Although each of these criteria is, in turn, a reasonable expectation of a voting method, Kenneth Arrow, in 1952, proved the mutual exclusivity of them. In his “impossibility theorem,” Arrow showed that if there are at least three alternatives and a finite number of voters, then the only social welfare function that satisfies both the Pareto condition and “independence of irrelevant alternatives” is a dictatorship. This profound result, which earned Arrow the Nobel Prize in Economics in 1972, argues against the possibility of a theoretically perfect democracy. Nevertheless, Arrow himself encourages continuing to search for voting methods that work well most of the time. He writes:

My theorem is not a completely destructive or negative feature any more than the second law of thermodynamics means that people don’t work on improving the efficiency of engines. We’re told that you’ll never get 100% efficient engines… It doesn’t mean you wouldn’t like to go from 40% to 50%.

Sincere and Strategic Voting

Strategic voting is the practice of voting against one’s true preferences in order to achieve a better outcome in an election. This contrasts with sincere voting, where one votes according to one’s true preferences. Strategic voting most often occurs in situations where a voter’s preferred candidate has little chance of winning, or where the voter’s top candidate is most threatened by his second or third candidate. While strategic voting can affect the outcome of an election, its effects can be disastrous. Election results should reflect the aggregate will of the people, and if voters do not express their individual preferences truthfully, then the voting method has little hope of determining the socially desired outcome. Therefore, voting methods that tend to encourage strategic voting are unattractive. It should be noted that for strategic voting to be at all effective, there must be at least three candidates in the election, and the voters need a thorough understanding of both the voting method being used and the preferences of other voters.

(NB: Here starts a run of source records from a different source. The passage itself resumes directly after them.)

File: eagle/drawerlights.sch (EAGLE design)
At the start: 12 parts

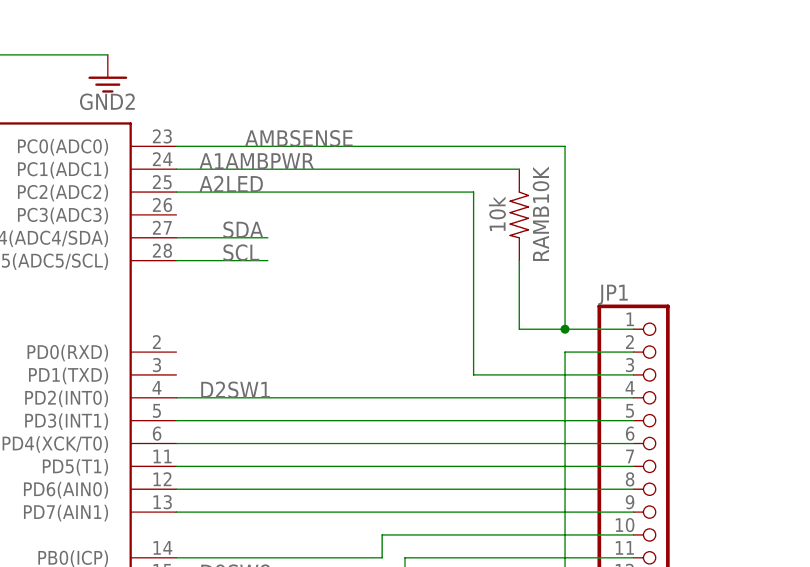
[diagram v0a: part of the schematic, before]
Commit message: add missing resistor for LED control
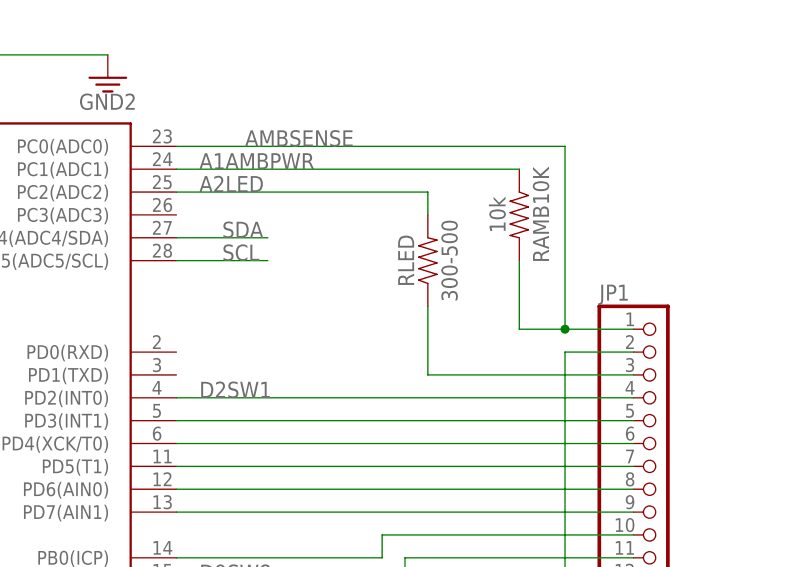
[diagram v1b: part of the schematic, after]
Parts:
- added RLED: 300-500, SparkFun-Resistors:330OHM-HORIZ-1/10W-5%
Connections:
- new net N$1: JP1.3, RLED.1
- net A2LED: now also RLED.2; no longer JP1.3
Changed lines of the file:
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@@
 <part name="LEDPWR" library="SparkFun-Connectors" deviceset="CONN_02" device=""/>
 <part name="C1" library="SparkFun-Capacitors" deviceset="100UF-POLAR" device="-RADIAL-2.5MM-25V-20%" value="100uF"/>
+<part name="RLED" library="SparkFun-Resistors" deviceset="330OHM" device="-HORIZ-1/10W-5%" value="300-500"/>
 </parts>
 <sheets>
@@
 <instance part="LEDPWR" gate="G$1" x="71.12" y="109.22"/>
 <instance part="C1" gate="G$1" x="83.82" y="119.38" rot="R90"/>
+<instance part="RLED" gate="G$1" x="99.06" y="71.12" rot="R90"/>
 </instances>
 <busses>
@@
 <segment>
 <pinref part="ATMEGA328" gate="G$1" pin="PC2(ADC2)"/>
-<wire x1="71.12" y1="78.74" x2="104.14" y2="78.74" width="0.1524" layer="91"/>
+<wire x1="71.12" y1="78.74" x2="99.06" y2="78.74" width="0.1524" layer="91"/>
 <label x="73.66" y="78.74" size="1.778" layer="95"/>
-<wire x1="104.14" y1="78.74" x2="104.14" y2="58.42" width="0.1524" layer="91"/>
-<pinref part="JP1" gate="G$1" pin="3"/>
-<wire x1="104.14" y1="58.42" x2="121.92" y2="58.42" width="0.1524" layer="91"/>
+<pinref part="RLED" gate="G$1" pin="2"/>
+<wire x1="99.06" y1="76.2" x2="99.06" y2="78.74" width="0.1524" layer="91"/>
 </segment>
 </net>
@@
 </segment>
 </net>
+<net name="N$1" class="0">
+<segment>
+<pinref part="JP1" gate="G$1" pin="3"/>
+<wire x1="99.06" y1="58.42" x2="121.92" y2="58.42" width="0.1524" layer="91"/>
+<pinref part="RLED" gate="G$1" pin="1"/>
+<wire x1="99.06" y1="66.04" x2="99.06" y2="58.42" width="0.1524" layer="91"/>
+</segment>
+</net>

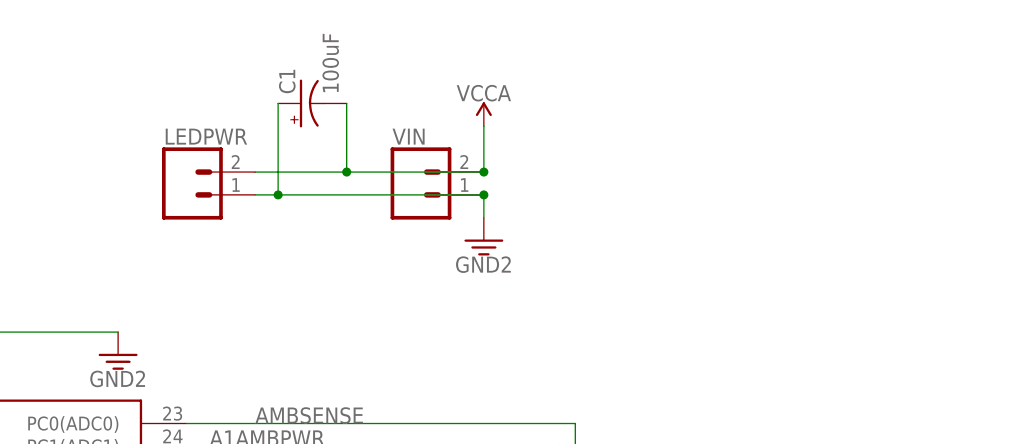
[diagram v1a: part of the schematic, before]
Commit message: fix vcc and LED power and filter cap polarity
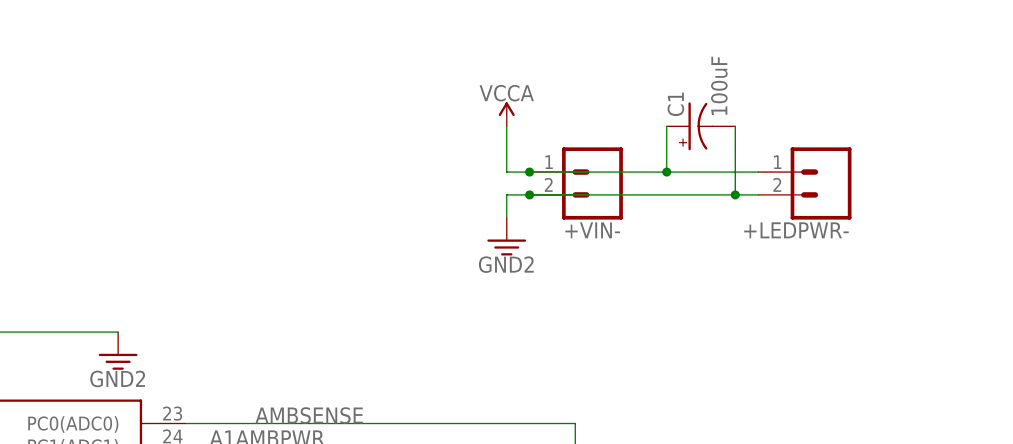
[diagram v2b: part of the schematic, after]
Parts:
- removed LEDPWR, VIN: (no value), SparkFun-Connectors:CONN_02
- added +LEDPWR-, +VIN-: (no value), SparkFun-Connectors:CONN_02
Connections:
- net GND: now also +LEDPWR-.2, +VIN-.2, C1.-; no longer C1.+, LEDPWR.1, VIN.1
- net VCCA: now also +LEDPWR-.1, +VIN-.1, C1.+; no longer C1.-, LEDPWR.2, VIN.2
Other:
- moved on the sheet: C1
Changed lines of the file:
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@@
 <part name="U$2" library="SparkFun-PowerSymbols" deviceset="VCCA" device=""/>
 <part name="SUPPLY4" library="SparkFun-PowerSymbols" deviceset="GND2" device=""/>
-<part name="VIN" library="SparkFun-Connectors" deviceset="CONN_02" device=""/>
+<part name="+VIN-" library="SparkFun-Connectors" deviceset="CONN_02" device=""/>
 <part name="SUPPLY6" library="SparkFun-PowerSymbols" deviceset="GND2" device=""/>
 <part name="RAMB10K" library="SparkFun-Resistors" deviceset="10KOHM" device="-HORIZ-1/4W-1%" value="10k"/>
@@
 <part name="JP1" library="adafruit" deviceset="PINHD-1X12" device="-CB"/>
 <part name="SUPPLY3" library="SparkFun-PowerSymbols" deviceset="GND2" device=""/>
-<part name="LEDPWR" library="SparkFun-Connectors" deviceset="CONN_02" device=""/>
+<part name="+LEDPWR-" library="SparkFun-Connectors" deviceset="CONN_02" device=""/>
 <part name="C1" library="SparkFun-Capacitors" deviceset="100UF-POLAR" device="-RADIAL-2.5MM-25V-20%" value="100uF"/>
 <part name="RLED" library="SparkFun-Resistors" deviceset="330OHM" device="-HORIZ-1/10W-5%" value="300-500"/>
@@
 <instance part="VCC" gate="G$1" x="5.08" y="83.82"/>
 <instance part="U$2" gate="G$1" x="12.7" y="96.52"/>
-<instance part="SUPPLY4" gate="GND" x="104.14" y="104.14"/>
-<instance part="VIN" gate="G$1" x="96.52" y="109.22"/>
+<instance part="SUPPLY4" gate="GND" x="106.68" y="104.14"/>
+<instance part="+VIN-" gate="G$1" x="116.84" y="111.76" rot="R180"/>
 <instance part="SUPPLY6" gate="GND" x="63.5" y="91.44"/>
 <instance part="RAMB10K" gate="G$1" x="109.22" y="76.2" rot="R270"/>
@@
 <instance part="TPDIV" gate="G$1" x="160.02" y="38.1"/>
 <instance part="TPVREG" gate="G$1" x="160.02" y="60.96"/>
-<instance part="U$1" gate="G$1" x="104.14" y="116.84"/>
+<instance part="U$1" gate="G$1" x="106.68" y="116.84"/>
 <instance part="JP1" gate="G$1" x="124.46" y="50.8"/>
 <instance part="SUPPLY3" gate="GND" x="114.3" y="33.02"/>
-<instance part="LEDPWR" gate="G$1" x="71.12" y="109.22"/>
-<instance part="C1" gate="G$1" x="83.82" y="119.38" rot="R90"/>
+<instance part="+LEDPWR-" gate="G$1" x="142.24" y="111.76" rot="R180"/>
+<instance part="C1" gate="G$1" x="127" y="116.84" rot="R90"/>
 <instance part="RLED" gate="G$1" x="99.06" y="71.12" rot="R90"/>
 </instances>
@@
 </segment>
 <segment>
-<pinref part="VIN" gate="G$1" pin="2"/>
+<pinref part="+VIN-" gate="G$1" pin="1"/>
+<wire x1="109.22" y1="111.76" x2="106.68" y2="111.76" width="0.1524" layer="91"/>
 <pinref part="U$1" gate="G$1" pin="VCCA"/>
-<wire x1="104.14" y1="111.76" x2="104.14" y2="116.84" width="0.1524" layer="91"/>
-<pinref part="LEDPWR" gate="G$1" pin="2"/>
-<wire x1="104.14" y1="111.76" x2="88.9" y2="111.76" width="0.1524" layer="91"/>
-<junction x="104.14" y="111.76"/>
-<pinref part="C1" gate="G$1" pin="-"/>
-<wire x1="88.9" y1="111.76" x2="78.74" y2="111.76" width="0.1524" layer="91"/>
-<wire x1="88.9" y1="119.38" x2="88.9" y2="111.76" width="0.1524" layer="91"/>
-<junction x="88.9" y="111.76"/>
+<wire x1="106.68" y1="111.76" x2="106.68" y2="116.84" width="0.1524" layer="91"/>
+<pinref part="+LEDPWR-" gate="G$1" pin="1"/>
+<wire x1="109.22" y1="111.76" x2="124.46" y2="111.76" width="0.1524" layer="91"/>
+<junction x="109.22" y="111.76"/>
+<pinref part="C1" gate="G$1" pin="+"/>
+<wire x1="124.46" y1="111.76" x2="134.62" y2="111.76" width="0.1524" layer="91"/>
+<wire x1="124.46" y1="116.84" x2="124.46" y2="111.76" width="0.1524" layer="91"/>
+<junction x="124.46" y="111.76"/>
 </segment>
 </net>
@@
 </segment>
 <segment>
-<pinref part="VIN" gate="G$1" pin="1"/>
-<pinref part="SUPPLY4" gate="GND" pin="3.3V"/>
-<wire x1="104.14" y1="109.22" x2="104.14" y2="106.68" width="0.1524" layer="91"/>
-<pinref part="LEDPWR" gate="G$1" pin="1"/>
-<wire x1="104.14" y1="109.22" x2="81.28" y2="109.22" width="0.1524" layer="91"/>
-<junction x="104.14" y="109.22"/>
-<pinref part="C1" gate="G$1" pin="+"/>
-<wire x1="81.28" y1="109.22" x2="78.74" y2="109.22" width="0.1524" layer="91"/>
-<wire x1="81.28" y1="119.38" x2="81.28" y2="109.22" width="0.1524" layer="91"/>
-<junction x="81.28" y="109.22"/>
-</segment>
-<segment>
 <pinref part="JP1" gate="G$1" pin="12"/>
 <pinref part="SUPPLY3" gate="GND" pin="3.3V"/>
@@
 <junction x="114.3" y="35.56"/>
 </segment>
+<segment>
+<pinref part="SUPPLY4" gate="GND" pin="3.3V"/>
+<wire x1="106.68" y1="106.68" x2="106.68" y2="109.22" width="0.1524" layer="91"/>
+<pinref part="+VIN-" gate="G$1" pin="2"/>
+<wire x1="109.22" y1="109.22" x2="106.68" y2="109.22" width="0.1524" layer="91"/>
+<pinref part="+LEDPWR-" gate="G$1" pin="2"/>
+<wire x1="134.62" y1="109.22" x2="132.08" y2="109.22" width="0.1524" layer="91"/>
+<junction x="109.22" y="109.22"/>
+<pinref part="C1" gate="G$1" pin="-"/>
+<wire x1="132.08" y1="109.22" x2="109.22" y2="109.22" width="0.1524" layer="91"/>
+<wire x1="132.08" y1="116.84" x2="132.08" y2="109.22" width="0.1524" layer="91"/>
+<junction x="132.08" y="109.22"/>
+</segment>
 </net>

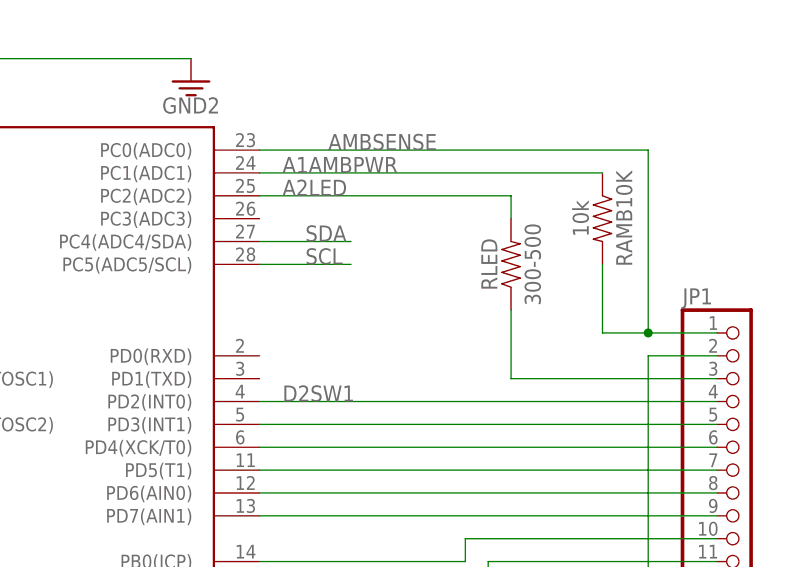
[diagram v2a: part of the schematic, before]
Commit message: move LED control to D0, fix # LEDs per drawer 4 => 8
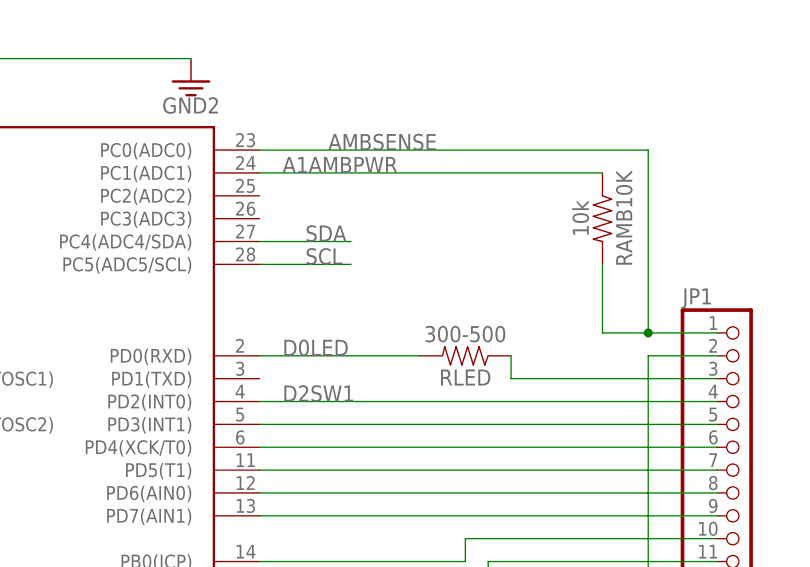
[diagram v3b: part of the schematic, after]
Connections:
- removed net A2LED: ATMEGA328.PC2(ADC2), RLED.2
- new net D0LED: ATMEGA328.PD0(RXD), RLED.2
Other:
- moved on the sheet: RLED
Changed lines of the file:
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@@
 <instance part="+LEDPWR-" gate="G$1" x="142.24" y="111.76" rot="R180"/>
 <instance part="C1" gate="G$1" x="127" y="116.84" rot="R90"/>
-<instance part="RLED" gate="G$1" x="99.06" y="71.12" rot="R90"/>
+<instance part="RLED" gate="G$1" x="93.98" y="60.96" rot="R180"/>
 </instances>
 <busses>
@@
 </segment>
 </net>
-<net name="A2LED" class="0">
-<segment>
-<pinref part="ATMEGA328" gate="G$1" pin="PC2(ADC2)"/>
-<wire x1="71.12" y1="78.74" x2="99.06" y2="78.74" width="0.1524" layer="91"/>
-<label x="73.66" y="78.74" size="1.778" layer="95"/>
-<pinref part="RLED" gate="G$1" pin="2"/>
-<wire x1="99.06" y1="76.2" x2="99.06" y2="78.74" width="0.1524" layer="91"/>
-</segment>
-</net>
 <net name="D2SW1" class="0">
 <segment>
@@
 <wire x1="99.06" y1="58.42" x2="121.92" y2="58.42" width="0.1524" layer="91"/>
 <pinref part="RLED" gate="G$1" pin="1"/>
-<wire x1="99.06" y1="66.04" x2="99.06" y2="58.42" width="0.1524" layer="91"/>
-</segment>
-</net>
+<wire x1="99.06" y1="60.96" x2="99.06" y2="58.42" width="0.1524" layer="91"/>
+</segment>
+</net>
+<net name="D0LED" class="0">
+<segment>
+<pinref part="RLED" gate="G$1" pin="2"/>
+<pinref part="ATMEGA328" gate="G$1" pin="PD0(RXD)"/>
+<wire x1="88.9" y1="60.96" x2="71.12" y2="60.96" width="0.1524" layer="91"/>
+<label x="73.66" y="60.96" size="1.778" layer="95"/>
+</segment>
+</net>

For example, in the 2000 election, exit polls in Florida indicated that Nader voters widely supported Gore as their second choice, far beyond both the margin of error of the polls and Bush’s margin of victory. Had these voters instead voted strategically for Gore, Gore would likely have carried Florida and its 25 electoral votes, thereby winning the presidency. The U.S. electoral college notwithstanding, this shows how powerfully the plurality method encourages strategic voting. Had the 2000 election been decided by the Borda count, one could imagine that a conservative voter might have Bush as the top choice, Gore as the second choice, and Nader last, but might insincerely rank the candidates in the sequence Bush, Nader, Gore in an attempt to maximize the point differential between Bush and Gore.

Some voting methods prove resistant to strategic voting. One of the major advantages of the Hare system is that it tends to encourage sincere voting. In the 2000 election, for example, a Nader supporter would have less reason to vote strategically for Gore if it is known that the vote will transfer to Gore should Nader be eliminated. Nevertheless, there are situations where even with the Hare system, strategic voting can prove beneficial to a voter.

In the 1970s, Allan Gibbard and Mark Satterthwaite proved that no voting method is completely immune to strategic voting. Any non-dictatorial system that uses preference ballots and allows at least the possibility of any candidate winning will necessarily lead to situations, however hypothetical, where strategic voting can be beneficial. This proof serves as a result analogous to Arrow’s, but in the realm of strategic voting. As with Arrow’s result in fairness, it is important to note that the degree to which a voting method encourages sincerity still serves as an important criterion for selection.

Bibliography

Brams, Steven. Mathematics and Democracy: Designing Better Voting and Fair-Division Procedures. Princeton, NJ: Princeton University Press, 2007.

Saari, Donald. Basic Geometry of Voting. New York: Springer, 2003.

Taylor, Alan, and Allison Pacelli. Mathematics and Politics: Strategy, Voting, Power and Proof. New York: Springer, 2008.